You look like a moron!!.......I think you will fit right in!!


----------



## qball594 (Feb 7, 2012)

rhbama3 said:


> I wondered when the turkey challenge newbies would show up. How many posts do you need to reach 250?



I've been here lurking in the shadows


----------



## Bitteroot (Feb 7, 2012)

RUTTNBUCK said:


> You look like a moron!!.......I think you will fit right in!!



shush it.....


I love your wife by the way...

miss you guys!!!!


----------



## Bitteroot (Feb 7, 2012)

qball594 said:


> I've been here lurking in the shadows



is that you Daisy Duke?


----------



## qball594 (Feb 7, 2012)

Bitteroot said:


> is that you Daisy Duke?



Oh yeah


----------



## rhbama3 (Feb 7, 2012)

Bitteroot said:


> -45000.....


Well, you're almost there.... 


qball594 said:


> Thats what I was thinking when I first post, I didnt know weather to stick my neck out there or not


This is just a chat thread Q Ball. Nobody is excluded and people come in and leave all the time. You just join in and type. 


Bitteroot said:


> shush it.....
> 
> 
> I love your wife by the way...
> ...



I love your wife too...


----------



## Miguel Cervantes (Feb 7, 2012)

Bitteroot said:


> shush it.....
> 
> 
> I love your wife by the way...
> ...



You can have her, but stay away from my apple pies...


----------



## Bitteroot (Feb 7, 2012)

qball594 said:


> Oh yeah




I thought you joined the Navy....?


----------



## Bitteroot (Feb 7, 2012)

Miguel Cervantes said:


> You can have her, but stay away from my apple pies...
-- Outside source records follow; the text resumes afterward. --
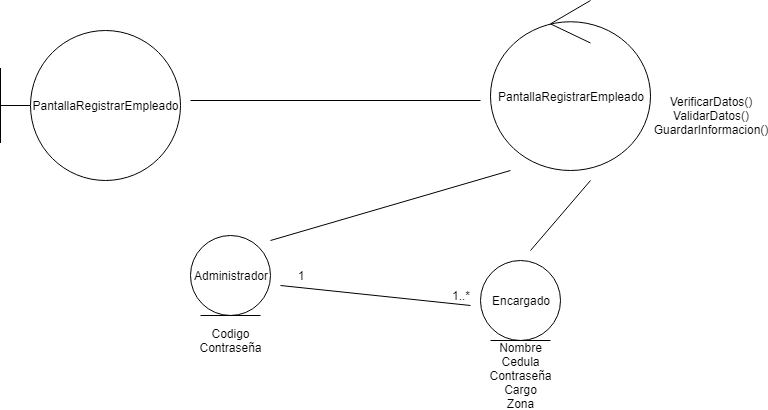

The diagram above was exported from draw.io. Its source (the exported page's mxGraphModel, read from the mxfile embedded in the PNG):
<mxGraphModel dx="868" dy="435" grid="1" gridSize="10" guides="1" tooltips="1" connect="1" arrows="1" fold="1" page="1" pageScale="1" pageWidth="827" pageHeight="1169" math="0" shadow="0">
  <root>
    <mxCell id="0" />
    <mxCell id="1" parent="0" />
    <mxCell id="ACy0v_5s83g_k9FMLgPl-1" value="PantallaRegistrarEmpleado" style="shape=umlBoundary;whiteSpace=wrap;html=1;" vertex="1" parent="1">
      <mxGeometry x="10" y="30" width="180" height="150" as="geometry" />
    </mxCell>
    <mxCell id="ACy0v_5s83g_k9FMLgPl-2" value="PantallaRegistrarEmpleado" style="ellipse;shape=umlControl;whiteSpace=wrap;html=1;" vertex="1" parent="1">
      <mxGeometry x="500" width="160" height="170" as="geometry" />
    </mxCell>
    <mxCell id="ACy0v_5s83g_k9FMLgPl-3" value="VerificarDatos()&lt;br&gt;ValidarDatos()&lt;br&gt;GuardarInformacion()" style="text;html=1;strokeColor=none;fillColor=none;align=center;verticalAlign=middle;whiteSpace=wrap;rounded=0;" vertex="1" parent="1">
      <mxGeometry x="700" y="105" width="40" height="20" as="geometry" />
    </mxCell>
    <mxCell id="ACy0v_5s83g_k9FMLgPl-4" value="Administrador" style="ellipse;shape=umlEntity;whiteSpace=wrap;html=1;" vertex="1" parent="1">
      <mxGeometry x="200" y="235" width="80" height="80" as="geometry" />
    </mxCell>
    <mxCell id="ACy0v_5s83g_k9FMLgPl-5" value="Encargado" style="ellipse;shape=umlEntity;whiteSpace=wrap;html=1;" vertex="1" parent="1">
      <mxGeometry x="490" y="260" width="80" height="80" as="geometry" />
    </mxCell>
    <mxCell id="ACy0v_5s83g_k9FMLgPl-6" value="" style="endArrow=none;html=1;" edge="1" parent="1">
      <mxGeometry width="50" height="50" relative="1" as="geometry">
        <mxPoint x="200" y="100" as="sourcePoint" />
        <mxPoint x="490" y="100" as="targetPoint" />
      </mxGeometry>
    </mxCell>
    <mxCell id="ACy0v_5s83g_k9FMLgPl-7" value="" style="endArrow=none;html=1;" edge="1" parent="1">
      <mxGeometry width="50" height="50" relative="1" as="geometry">
        <mxPoint x="280" y="240" as="sourcePoint" />
        <mxPoint x="520" y="170" as="targetPoint" />
      </mxGeometry>
    </mxCell>
    <mxCell id="ACy0v_5s83g_k9FMLgPl-8" value="" style="endArrow=none;html=1;" edge="1" parent="1">
      <mxGeometry width="50" height="50" relative="1" as="geometry">
        <mxPoint x="540" y="250" as="sourcePoint" />
        <mxPoint x="600" y="180" as="targetPoint" />
      </mxGeometry>
    </mxCell>
    <mxCell id="ACy0v_5s83g_k9FMLgPl-9" value="" style="endArrow=none;html=1;" edge="1" parent="1">
      <mxGeometry width="50" height="50" relative="1" as="geometry">
        <mxPoint x="290" y="285" as="sourcePoint" />
        <mxPoint x="480" y="305" as="targetPoint" />
      </mxGeometry>
    </mxCell>
    <mxCell id="ACy0v_5s83g_k9FMLgPl-10" value="1" style="text;html=1;strokeColor=none;fillColor=none;align=center;verticalAlign=middle;whiteSpace=wrap;rounded=0;" vertex="1" parent="1">
      <mxGeometry x="290" y="265" width="40" height="20" as="geometry" />
    </mxCell>
    <mxCell id="ACy0v_5s83g_k9FMLgPl-11" value="1..*" style="text;html=1;strokeColor=none;fillColor=none;align=center;verticalAlign=middle;whiteSpace=wrap;rounded=0;" vertex="1" parent="1">
      <mxGeometry x="450" y="285" width="40" height="20" as="geometry" />
    </mxCell>
    <mxCell id="ACy0v_5s83g_k9FMLgPl-12" value="Codigo&lt;br&gt;Contraseña" style="text;html=1;strokeColor=none;fillColor=none;align=center;verticalAlign=middle;whiteSpace=wrap;rounded=0;" vertex="1" parent="1">
      <mxGeometry x="220" y="330" width="40" height="20" as="geometry" />
    </mxCell>
    <mxCell id="ACy0v_5s83g_k9FMLgPl-13" value="Nombre&lt;br&gt;Cedula&lt;br&gt;Contraseña&lt;br&gt;Cargo&lt;br&gt;Zona" style="text;html=1;strokeColor=none;fillColor=none;align=center;verticalAlign=middle;whiteSpace=wrap;rounded=0;" vertex="1" parent="1">
      <mxGeometry x="510" y="365" width="40" height="20" as="geometry" />
    </mxCell>
  </root>
</mxGraphModel>
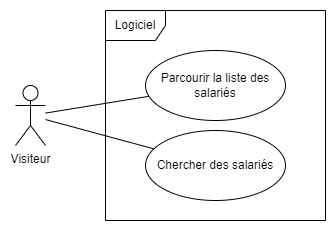

The diagram above was exported from draw.io. Its source (the exported page's mxGraphModel, read from the mxfile embedded in the PNG):
<mxGraphModel dx="1038" dy="641" grid="1" gridSize="10" guides="1" tooltips="1" connect="1" arrows="1" fold="1" page="1" pageScale="1" pageWidth="827" pageHeight="1169" math="0" shadow="0">
  <root>
    <mxCell id="0" />
    <mxCell id="1" parent="0" />
    <mxCell id="l06xFLuY74tTsUBjC4n4-1" value="Visiteur" style="shape=umlActor;verticalLabelPosition=bottom;verticalAlign=top;html=1;" vertex="1" parent="1">
      <mxGeometry x="150" y="195" width="30" height="60" as="geometry" />
    </mxCell>
    <mxCell id="l06xFLuY74tTsUBjC4n4-3" value="Logiciel" style="shape=umlFrame;whiteSpace=wrap;html=1;" vertex="1" parent="1">
      <mxGeometry x="240" y="120" width="220" height="210" as="geometry" />
    </mxCell>
    <mxCell id="l06xFLuY74tTsUBjC4n4-4" value="Parcourir la liste des salariés" style="ellipse;whiteSpace=wrap;html=1;" vertex="1" parent="1">
      <mxGeometry x="280" y="160" width="140" height="70" as="geometry" />
    </mxCell>
    <mxCell id="l06xFLuY74tTsUBjC4n4-5" value="Chercher des salariés" style="ellipse;whiteSpace=wrap;html=1;" vertex="1" parent="1">
      <mxGeometry x="280" y="240" width="140" height="70" as="geometry" />
    </mxCell>
    <mxCell id="l06xFLuY74tTsUBjC4n4-8" value="" style="endArrow=none;html=1;rounded=0;" edge="1" parent="1" source="l06xFLuY74tTsUBjC4n4-1" target="l06xFLuY74tTsUBjC4n4-4">
      <mxGeometry width="50" height="50" relative="1" as="geometry">
        <mxPoint x="120" y="400" as="sourcePoint" />
        <mxPoint x="170" y="350" as="targetPoint" />
      </mxGeometry>
    </mxCell>
    <mxCell id="l06xFLuY74tTsUBjC4n4-9" value="" style="endArrow=none;html=1;rounded=0;" edge="1" parent="1" source="l06xFLuY74tTsUBjC4n4-1" target="l06xFLuY74tTsUBjC4n4-5">
      <mxGeometry width="50" height="50" relative="1" as="geometry">
        <mxPoint x="150" y="430" as="sourcePoint" />
        <mxPoint x="200" y="380" as="targetPoint" />
      </mxGeometry>
    </mxCell>
  </root>
</mxGraphModel>

you'lll  look funny pullin that Apple pie outa you behind sideways there bama bouy.......


----------



## qball594 (Feb 7, 2012)

I've been a member for a couple of years just never posted just like going and reading all the information. But once I started kinda like it now.


----------



## Miguel Cervantes (Feb 7, 2012)

Bitteroot said:


> you'lll  look funny pullin that Apple pie outa you behind sideways there bama bouy.......



Yeah yeah yeah. Big talkin, tree thumpin, hollerin in the woods in the dark, bigfoot lovin redneck...


----------



## qball594 (Feb 7, 2012)

Bitteroot said:


> I thought you joined the Navy....?



I tryed but they told me I was to straight


----------



## RUTTNBUCK (Feb 7, 2012)

Bitteroot said:


> shush it.....
> 
> 
> I love your wife by the way...
> ...


You want her??......You can have her.......Come get her please she is costing me a fortune!!

It's been too long Larry!!


----------



## Bitteroot (Feb 7, 2012)

qball594 said:


> I've been a member for a couple of years just never posted just like going and reading all the information. But once I started kinda like it now.



your doomed....

But if ya like a good argument...I'll start one....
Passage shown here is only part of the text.